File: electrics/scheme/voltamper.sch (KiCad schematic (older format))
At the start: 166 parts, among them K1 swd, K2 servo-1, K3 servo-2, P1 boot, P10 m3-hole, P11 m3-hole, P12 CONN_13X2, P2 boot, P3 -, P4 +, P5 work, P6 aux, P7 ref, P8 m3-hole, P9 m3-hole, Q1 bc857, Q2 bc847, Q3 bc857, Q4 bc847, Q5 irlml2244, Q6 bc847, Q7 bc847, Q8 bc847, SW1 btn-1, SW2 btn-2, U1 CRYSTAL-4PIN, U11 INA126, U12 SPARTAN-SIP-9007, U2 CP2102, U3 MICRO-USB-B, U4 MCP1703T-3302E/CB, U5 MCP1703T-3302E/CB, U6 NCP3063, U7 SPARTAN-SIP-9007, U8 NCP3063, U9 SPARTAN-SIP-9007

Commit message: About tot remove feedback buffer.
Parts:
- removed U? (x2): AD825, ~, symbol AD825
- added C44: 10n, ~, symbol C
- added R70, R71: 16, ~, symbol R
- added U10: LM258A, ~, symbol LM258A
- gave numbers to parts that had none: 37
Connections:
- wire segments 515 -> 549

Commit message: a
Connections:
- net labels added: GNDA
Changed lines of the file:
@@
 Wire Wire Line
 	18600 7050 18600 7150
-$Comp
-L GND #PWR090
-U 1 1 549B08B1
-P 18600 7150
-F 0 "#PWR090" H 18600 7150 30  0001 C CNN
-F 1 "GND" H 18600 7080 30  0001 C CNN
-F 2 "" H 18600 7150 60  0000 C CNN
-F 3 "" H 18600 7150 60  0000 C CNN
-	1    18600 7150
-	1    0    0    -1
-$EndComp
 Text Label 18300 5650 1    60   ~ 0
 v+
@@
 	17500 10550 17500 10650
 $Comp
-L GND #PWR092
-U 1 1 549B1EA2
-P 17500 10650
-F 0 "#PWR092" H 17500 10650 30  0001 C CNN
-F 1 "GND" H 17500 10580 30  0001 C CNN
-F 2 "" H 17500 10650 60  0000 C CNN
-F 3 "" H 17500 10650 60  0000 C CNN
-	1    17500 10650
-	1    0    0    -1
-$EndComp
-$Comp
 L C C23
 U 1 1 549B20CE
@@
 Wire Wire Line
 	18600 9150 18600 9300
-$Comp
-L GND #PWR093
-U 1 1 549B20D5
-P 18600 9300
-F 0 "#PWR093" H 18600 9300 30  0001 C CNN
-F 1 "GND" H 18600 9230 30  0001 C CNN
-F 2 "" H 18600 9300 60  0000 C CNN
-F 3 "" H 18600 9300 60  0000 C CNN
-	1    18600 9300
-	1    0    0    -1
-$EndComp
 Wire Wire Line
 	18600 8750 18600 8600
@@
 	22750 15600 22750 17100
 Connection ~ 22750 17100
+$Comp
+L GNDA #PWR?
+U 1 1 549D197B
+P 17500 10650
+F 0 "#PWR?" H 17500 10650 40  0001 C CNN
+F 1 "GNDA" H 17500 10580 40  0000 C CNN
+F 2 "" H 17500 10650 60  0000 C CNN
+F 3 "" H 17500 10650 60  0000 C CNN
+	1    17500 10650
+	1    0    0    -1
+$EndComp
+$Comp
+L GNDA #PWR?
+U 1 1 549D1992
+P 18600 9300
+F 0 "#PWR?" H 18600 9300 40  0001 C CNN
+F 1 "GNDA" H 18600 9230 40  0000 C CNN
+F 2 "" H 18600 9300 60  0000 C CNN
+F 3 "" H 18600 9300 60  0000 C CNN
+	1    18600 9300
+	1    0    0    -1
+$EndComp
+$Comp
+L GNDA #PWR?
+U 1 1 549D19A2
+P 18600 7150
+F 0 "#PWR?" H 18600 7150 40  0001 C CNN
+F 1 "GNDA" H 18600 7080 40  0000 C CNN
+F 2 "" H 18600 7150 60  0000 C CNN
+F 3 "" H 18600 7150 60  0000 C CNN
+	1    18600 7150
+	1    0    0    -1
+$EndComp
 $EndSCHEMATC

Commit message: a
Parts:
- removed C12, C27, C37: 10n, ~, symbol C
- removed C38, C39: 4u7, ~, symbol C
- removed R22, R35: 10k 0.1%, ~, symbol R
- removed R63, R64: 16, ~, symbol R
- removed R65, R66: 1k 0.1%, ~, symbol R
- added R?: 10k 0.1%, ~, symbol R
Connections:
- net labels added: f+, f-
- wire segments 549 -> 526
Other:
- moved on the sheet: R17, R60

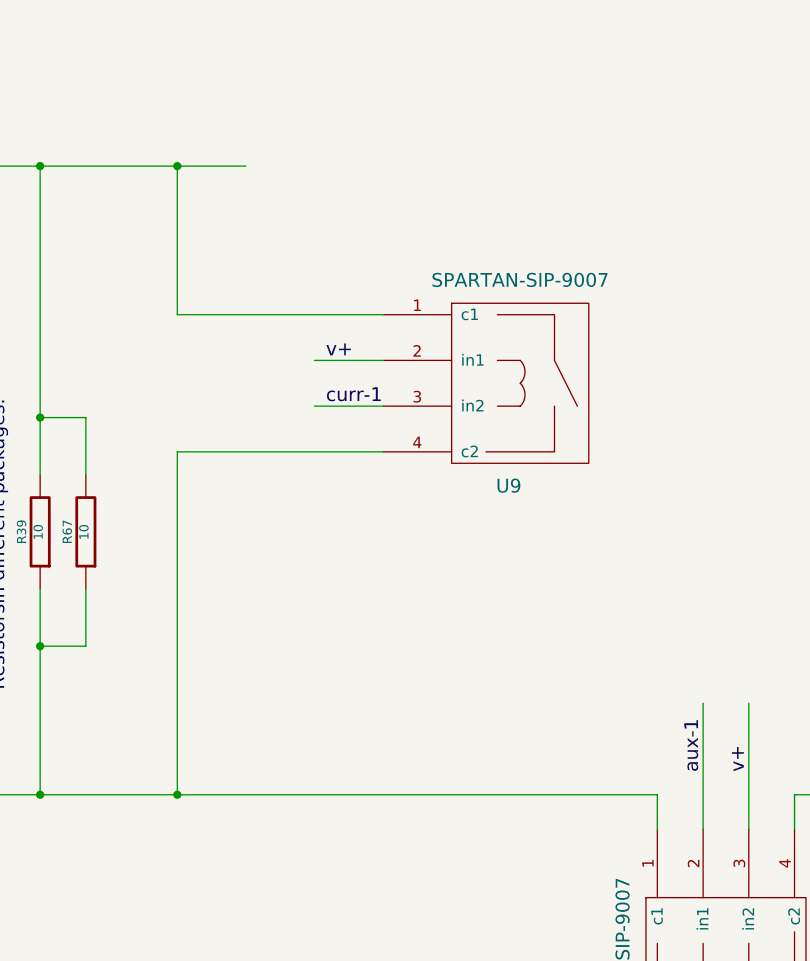
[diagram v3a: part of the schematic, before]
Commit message: Very first modelling it works but it doesn't show any plots.
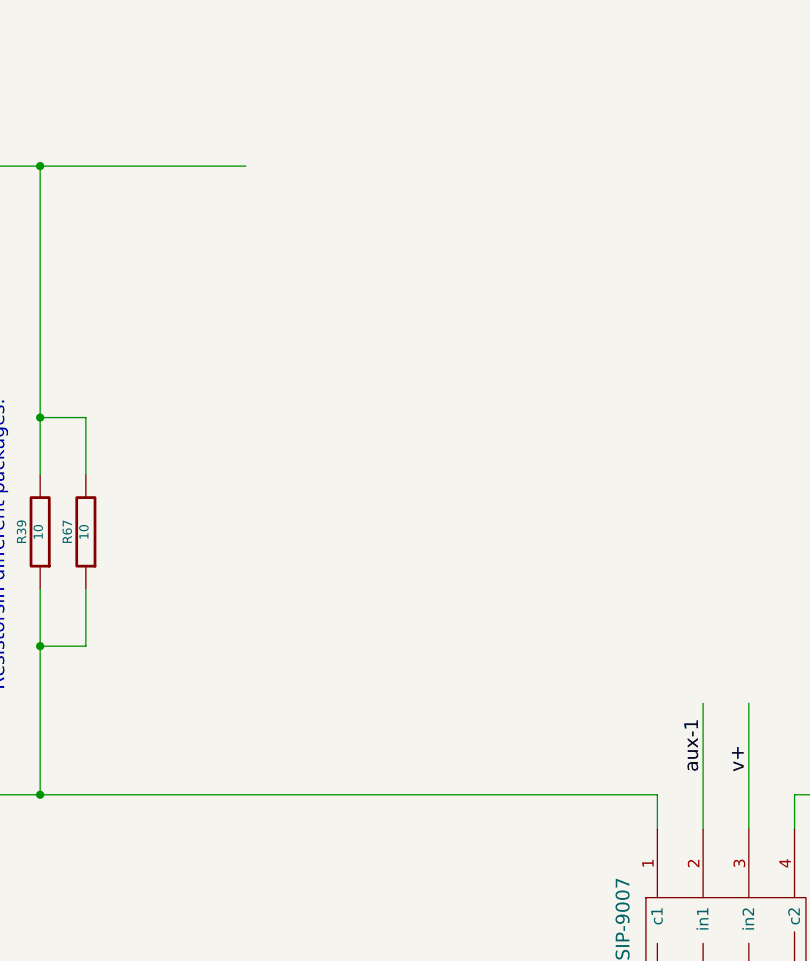
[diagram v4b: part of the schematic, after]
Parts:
- removed U9: SPARTAN-SIP-9007, ~, symbol SPARTAN-SIP-9007
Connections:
- wire segments 526 -> 520
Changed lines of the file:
@@
 AVdd
-$Comp
-L SPARTAN-SIP-9007 U9
-U 1 1 5485DF9C
-P 24200 15300
-F 0 "U9" H 24200 14850 60  0000 C CNN
-F 1 "SPARTAN-SIP-9007" H 24250 15750 60  0000 C CNN
-F 2 "~" H 24200 15300 60  0000 C CNN
-F 3 "~" H 24200 15300 60  0000 C CNN
-	1    24200 15300
-	1    0    0    -1
-$EndComp
-Wire Wire Line
-	22750 15000 23650 15000
-Wire Wire Line
-	23650 15400 23350 15400
-Wire Wire Line
-	23650 15200 23350 15200
 $Comp
 L SPARTAN-SIP-9007 U7
@@
 Wire Wire Line
 	23450 9800 23450 10050
-Text Label 23400 15400 0    60   ~ 0
-curr-1
 Text Label 23250 9850 3    60   ~ 0
 volt-1
@@
 Text Label 23450 9850 3    60   ~ 0
 v+
-Text Label 23400 15200 0    60   ~ 0
-v+
 Text Label 25250 17000 1    60   ~ 0
 v+
@@
 	22150 16200 22150 17100
 Connection ~ 22150 17100
-Wire Wire Line
-	22750 15000 22750 14350
-Connection ~ 22750 14350
 $Comp
 L LM258A U10
@@
 	19150 17600 19150 17300
 Connection ~ 19150 17300
-Wire Wire Line
-	22750 15600 23650 15600
-Wire Wire Line
-	22750 15600 22750 17100
-Connection ~ 22750 17100
 $Comp
 L GNDA #PWR?

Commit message: a
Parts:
- removed D8: 1N5819, ~, symbol DIODESCH
- removed Q7: bc847, ~, symbol NPN
- removed R26: 1k, ~, symbol R
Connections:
- net labels removed: curr-1
- wire segments 520 -> 513
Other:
- moved on the sheet: D9, Q8, R27
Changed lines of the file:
@@
 Sheet 1 1
 Title ""
-Date "1 jan 2015"
+Date "2 jan 2015"
 Rev ""
 Comp ""
@@
 volt-en
 $Comp
-L NPN Q7
-U 1 1 548613CB
-P 11800 18900
-F 0 "Q7" H 11800 18750 50  0000 R CNN
-F 1 "bc847" H 11800 19050 50  0000 R CNN
-F 2 "~" H 11800 18900 60  0000 C CNN
-F 3 "~" H 11800 18900 60  0000 C CNN
-	1    11800 18900
-	1    0    0    -1
-$EndComp
-$Comp
-L R R26
-U 1 1 548613D1
-P 11150 18900
-F 0 "R26" V 11230 18900 40  0000 C CNN
-F 1 "1k" V 11157 18901 40  0000 C CNN
-F 2 "~" V 11080 18900 30  0000 C CNN
-F 3 "~" H 11150 18900 30  0000 C CNN
-	1    11150 18900
-	0    -1   -1   0
-$EndComp
-Wire Wire Line
-	11600 18900 11400 18900
-Wire Wire Line
-	11900 18700 11900 18200
-Wire Wire Line
-	11900 19100 11900 19350
-$Comp
-L GND #PWR055
-U 1 1 548613DA
-P 11900 19350
-F 0 "#PWR055" H 11900 19350 30  0001 C CNN
-F 1 "GND" H 11900 19280 30  0001 C CNN
-F 2 "" H 11900 19350 60  0000 C CNN
-F 3 "" H 11900 19350 60  0000 C CNN
-	1    11900 19350
-	1    0    0    -1
-$EndComp
-Wire Wire Line
-	10900 18900 10450 18900
-Text Label 11900 18550 1    60   ~ 0
-curr-1
-Wire Wire Line
-	11900 17300 11900 18050
-Text Label 11900 17450 1    60   ~ 0
-v+
-Text Label 10500 18900 0    60   ~ 0
-curr-en
-$Comp
 L NPN Q8
 U 1 1 548615B1
-P 13550 18900
-F 0 "Q8" H 13550 18750 50  0000 R CNN
-F 1 "bc847" H 13550 19050 50  0000 R CNN
-F 2 "~" H 13550 18900 60  0000 C CNN
-F 3 "~" H 13550 18900 60  0000 C CNN
-	1    13550 18900
+P 12100 18900
+F 0 "Q8" H 12100 18750 50  0000 R CNN
+F 1 "bc847" H 12100 19050 50  0000 R CNN
+F 2 "~" H 12100 18900 60  0000 C CNN
+F 3 "~" H 12100 18900 60  0000 C CNN
+	1    12100 18900
 	1    0    0    -1
 $EndComp
@@
 L R R27
 U 1 1 548615B7
-P 12900 18900
-F 0 "R27" V 12980 18900 40  0000 C CNN
-F 1 "1k" V 12907 18901 40  0000 C CNN
-F 2 "~" V 12830 18900 30  0000 C CNN
-F 3 "~" H 12900 18900 30  0000 C CNN
-	1    12900 18900
+P 11450 18900
+F 0 "R27" V 11530 18900 40  0000 C CNN
+F 1 "1k" V 11457 18901 40  0000 C CNN
+F 2 "~" V 11380 18900 30  0000 C CNN
+F 3 "~" H 11450 18900 30  0000 C CNN
+	1    11450 18900
 	0    -1   -1   0
 $EndComp
 Wire Wire Line
-	13350 18900 13150 18900
-Wire Wire Line
-	13650 18700 13650 18200
-Wire Wire Line
-	13650 19100 13650 19350
+	11900 18900 11700 18900
+Wire Wire Line
+	12200 18700 12200 18200
+Wire Wire Line
+	12200 19100 12200 19350
 $Comp
 L GND #PWR056
 U 1 1 548615C0
-P 13650 19350
-F 0 "#PWR056" H 13650 19350 30  0001 C CNN
-F 1 "GND" H 13650 19280 30  0001 C CNN
-F 2 "" H 13650 19350 60  0000 C CNN
-F 3 "" H 13650 19350 60  0000 C CNN
-	1    13650 19350
-	1    0    0    -1
-$EndComp
-Wire Wire Line
-	12650 18900 12200 18900
-Text Label 13650 18550 1    60   ~ 0
+P 12200 19350
+F 0 "#PWR056" H 12200 19350 30  0001 C CNN
+F 1 "GND" H 12200 19280 30  0001 C CNN
+F 2 "" H 12200 19350 60  0000 C CNN
+F 3 "" H 12200 19350 60  0000 C CNN
+	1    12200 19350
+	1    0    0    -1
+$EndComp
+Wire Wire Line
+	11200 18900 10750 18900
+Text Label 12200 18550 1    60   ~ 0
 aux-1
 Wire Wire Line
-	13650 17300 13650 18050
-Text Label 13650 17450 1    60   ~ 0
+	12200 17300 12200 18050
+Text Label 12200 17450 1    60   ~ 0
 v+
-Text Label 12250 18900 0    60   ~ 0
+Text Label 10800 18900 0    60   ~ 0
 aux-en
 $Comp
@@
 Connection ~ 10100 18350
 $Comp
-L DIODESCH D8
-U 1 1 5485E6E8
-P 12100 18150
-F 0 "D8" H 12100 18250 40  0000 C CNN
-F 1 "1N5819" H 12100 18050 40  0000 C CNN
-F 2 "~" H 12100 18150 60  0000 C CNN
-F 3 "~" H 12100 18150 60  0000 C CNN
-	1    12100 18150
-	0    -1   -1   0
-$EndComp
-Wire Wire Line
-	12100 17950 11900 17950
-Connection ~ 11900 17950
-Wire Wire Line
-	12100 18350 11900 18350
-Connection ~ 11900 18350
-$Comp
 L DIODESCH D9
 U 1 1 5485EACA
-P 13850 18150
-F 0 "D9" H 13850 18250 40  0000 C CNN
-F 1 "1N5819" H 13850 18050 40  0000 C CNN
-F 2 "~" H 13850 18150 60  0000 C CNN
-F 3 "~" H 13850 18150 60  0000 C CNN
-	1    13850 18150
+P 12400 18150
+F 0 "D9" H 12400 18250 40  0000 C CNN
+F 1 "1N5819" H 12400 18050 40  0000 C CNN
+F 2 "~" H 12400 18150 60  0000 C CNN
+F 3 "~" H 12400 18150 60  0000 C CNN
+	1    12400 18150
 	0    -1   -1   0
 $EndComp
 Wire Wire Line
-	13850 17950 13650 17950
-Connection ~ 13650 17950
-Wire Wire Line
-	13850 18350 13650 18350
-Connection ~ 13650 18350
+	12400 17950 12200 17950
+Connection ~ 12200 17950
+Wire Wire Line
+	12400 18350 12200 18350
+Connection ~ 12200 18350
 $Comp
 L LED D10

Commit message: almost adjusted original scheme. Modifying input op amp is left to do.
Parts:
- removed C42, C43: 4u7, ~, symbol C
- removed C44: 10n, ~, symbol C
- removed R68, R69: 16, ~, symbol R
- removed R?: 10k 0.1%, ~, symbol R
- removed unit 2 of U10
- removed U15: AD825, ~, symbol AD825
- added C12: 30n, ~, symbol C
- added D4: 1N5819, ~, symbol DIODESCH
- added Q7: bc847, ~, symbol NPN
- added R22: 1k, ~, symbol R
- added R26: 120k, ~, symbol R
- added R35: 410, ~, symbol R
- added U9: SPARTAN-SIP-9007, ~, symbol SPARTAN-SIP-9007
- C18: value 10n -> 1n
- R17: value 10k 0.1% -> 120k
- R58, R59: value 10k 0.1% -> 410
- R60: value 10k 0.1% -> 0
- U10: value LM258A -> ADA4000
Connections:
- net labels added: curr-1
- net labels removed: intermediate, pre-eaux
- wire segments 513 -> 498
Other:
- moved on the sheet: C18, C20, C23, C25, C26, C30, C34, C35, C41, K2, K3, P5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

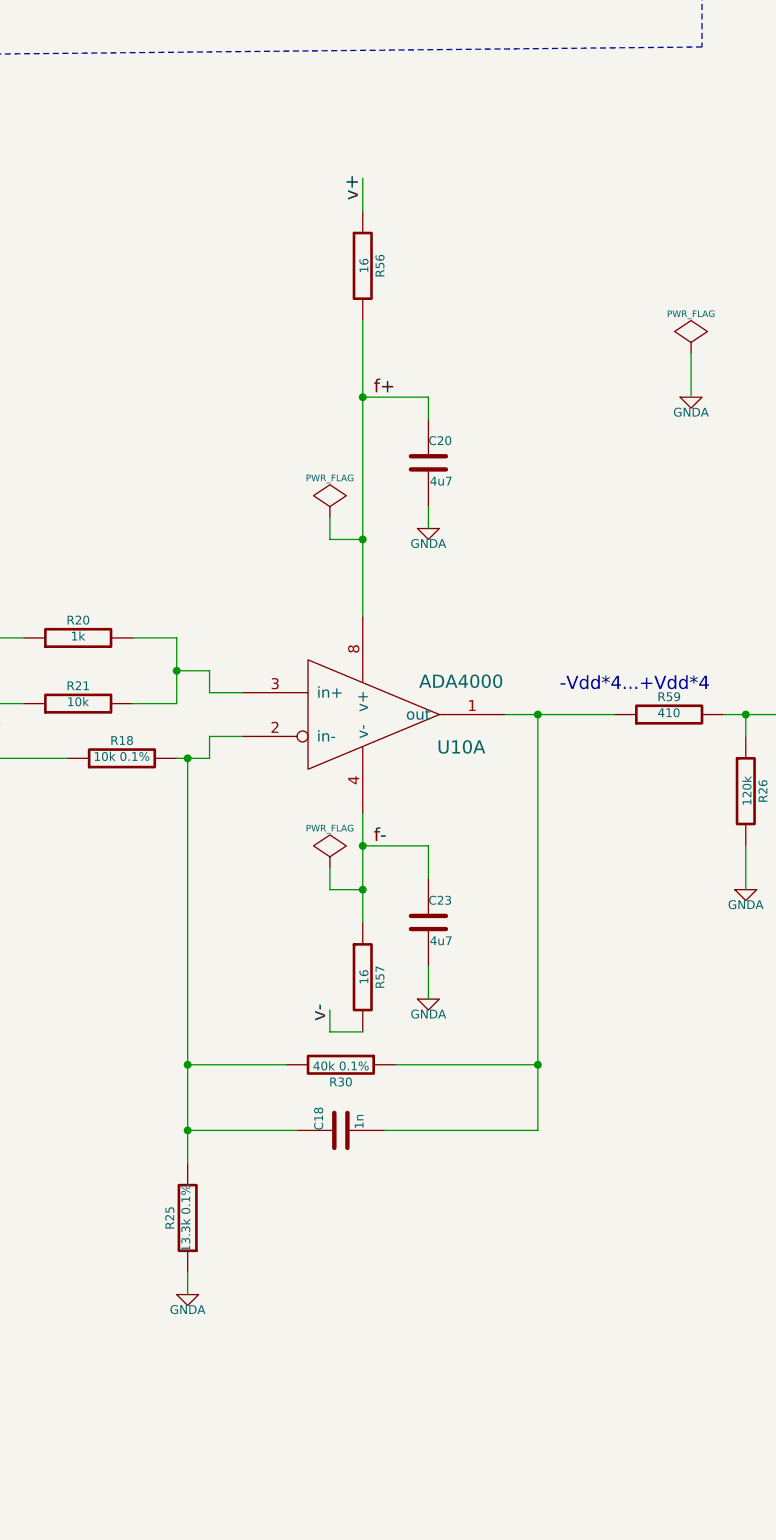
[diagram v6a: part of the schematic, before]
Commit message: Made footprint for opa551.
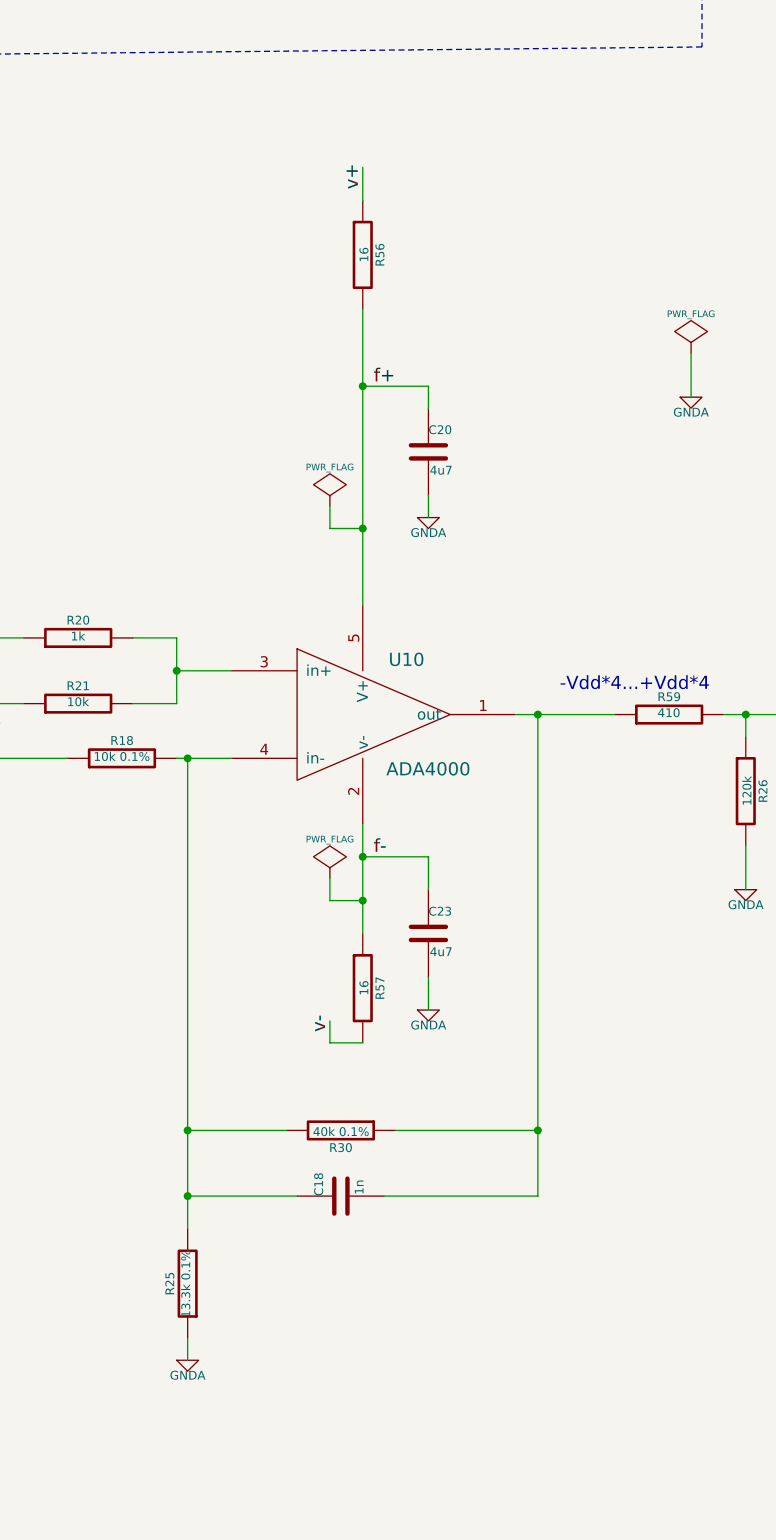
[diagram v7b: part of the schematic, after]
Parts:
- removed U10: ADA4000, ~, symbol LM258A
- added U10: ADA4000, ~, symbol ADA4000
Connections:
- wire segments 498 -> 494
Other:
- moved on the sheet: C18, C20, C23, R25, R30, R56, R57

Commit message: a
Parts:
- added D6: 1N5819, ~, symbol DIODESCH
- added Q9: bc847, ~, symbol NPN
- added R63: 1k, ~, symbol R
- added U15: SPARTAN-SIP-9007, ~, symbol SPARTAN-SIP-9007
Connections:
- net labels added: aux-pre, short-1, short-en
- wire segments 494 -> 508
- no-connect marks 26 -> 25

::::::

What's needed is an exact copy of the records above from the line containing "18600 7150 40" down to the line containing "23450 9800 23450 10050", both included, without any pictures.

_RESULT OF THIS TASK_.
+F 0 "#PWR?" H 18600 7150 40  0001 C CNN
+F 1 "GNDA" H 18600 7080 40  0000 C CNN
+F 2 "" H 18600 7150 60  0000 C CNN
+F 3 "" H 18600 7150 60  0000 C CNN
+	1    18600 7150
+	1    0    0    -1
+$EndComp
 $EndSCHEMATC

Commit message: a
Parts:
- removed C12, C27, C37: 10n, ~, symbol C
- removed C38, C39: 4u7, ~, symbol C
- removed R22, R35: 10k 0.1%, ~, symbol R
- removed R63, R64: 16, ~, symbol R
- removed R65, R66: 1k 0.1%, ~, symbol R
- added R?: 10k 0.1%, ~, symbol R
Connections:
- net labels added: f+, f-
- wire segments 549 -> 526
Other:
- moved on the sheet: R17, R60

[diagram v3a: part of the schematic, before]
Commit message: Very first modelling it works but it doesn't show any plots.
[diagram v4b: part of the schematic, after]
Parts:
- removed U9: SPARTAN-SIP-9007, ~, symbol SPARTAN-SIP-9007
Connections:
- wire segments 526 -> 520
Changed lines of the file:
@@
 AVdd
-$Comp
-L SPARTAN-SIP-9007 U9
-U 1 1 5485DF9C
-P 24200 15300
-F 0 "U9" H 24200 14850 60  0000 C CNN
-F 1 "SPARTAN-SIP-9007" H 24250 15750 60  0000 C CNN
-F 2 "~" H 24200 15300 60  0000 C CNN
-F 3 "~" H 24200 15300 60  0000 C CNN
-	1    24200 15300
-	1    0    0    -1
-$EndComp
-Wire Wire Line
-	22750 15000 23650 15000
-Wire Wire Line
-	23650 15400 23350 15400
-Wire Wire Line
-	23650 15200 23350 15200
 $Comp
 L SPARTAN-SIP-9007 U7
@@
 Wire Wire Line
 	23450 9800 23450 10050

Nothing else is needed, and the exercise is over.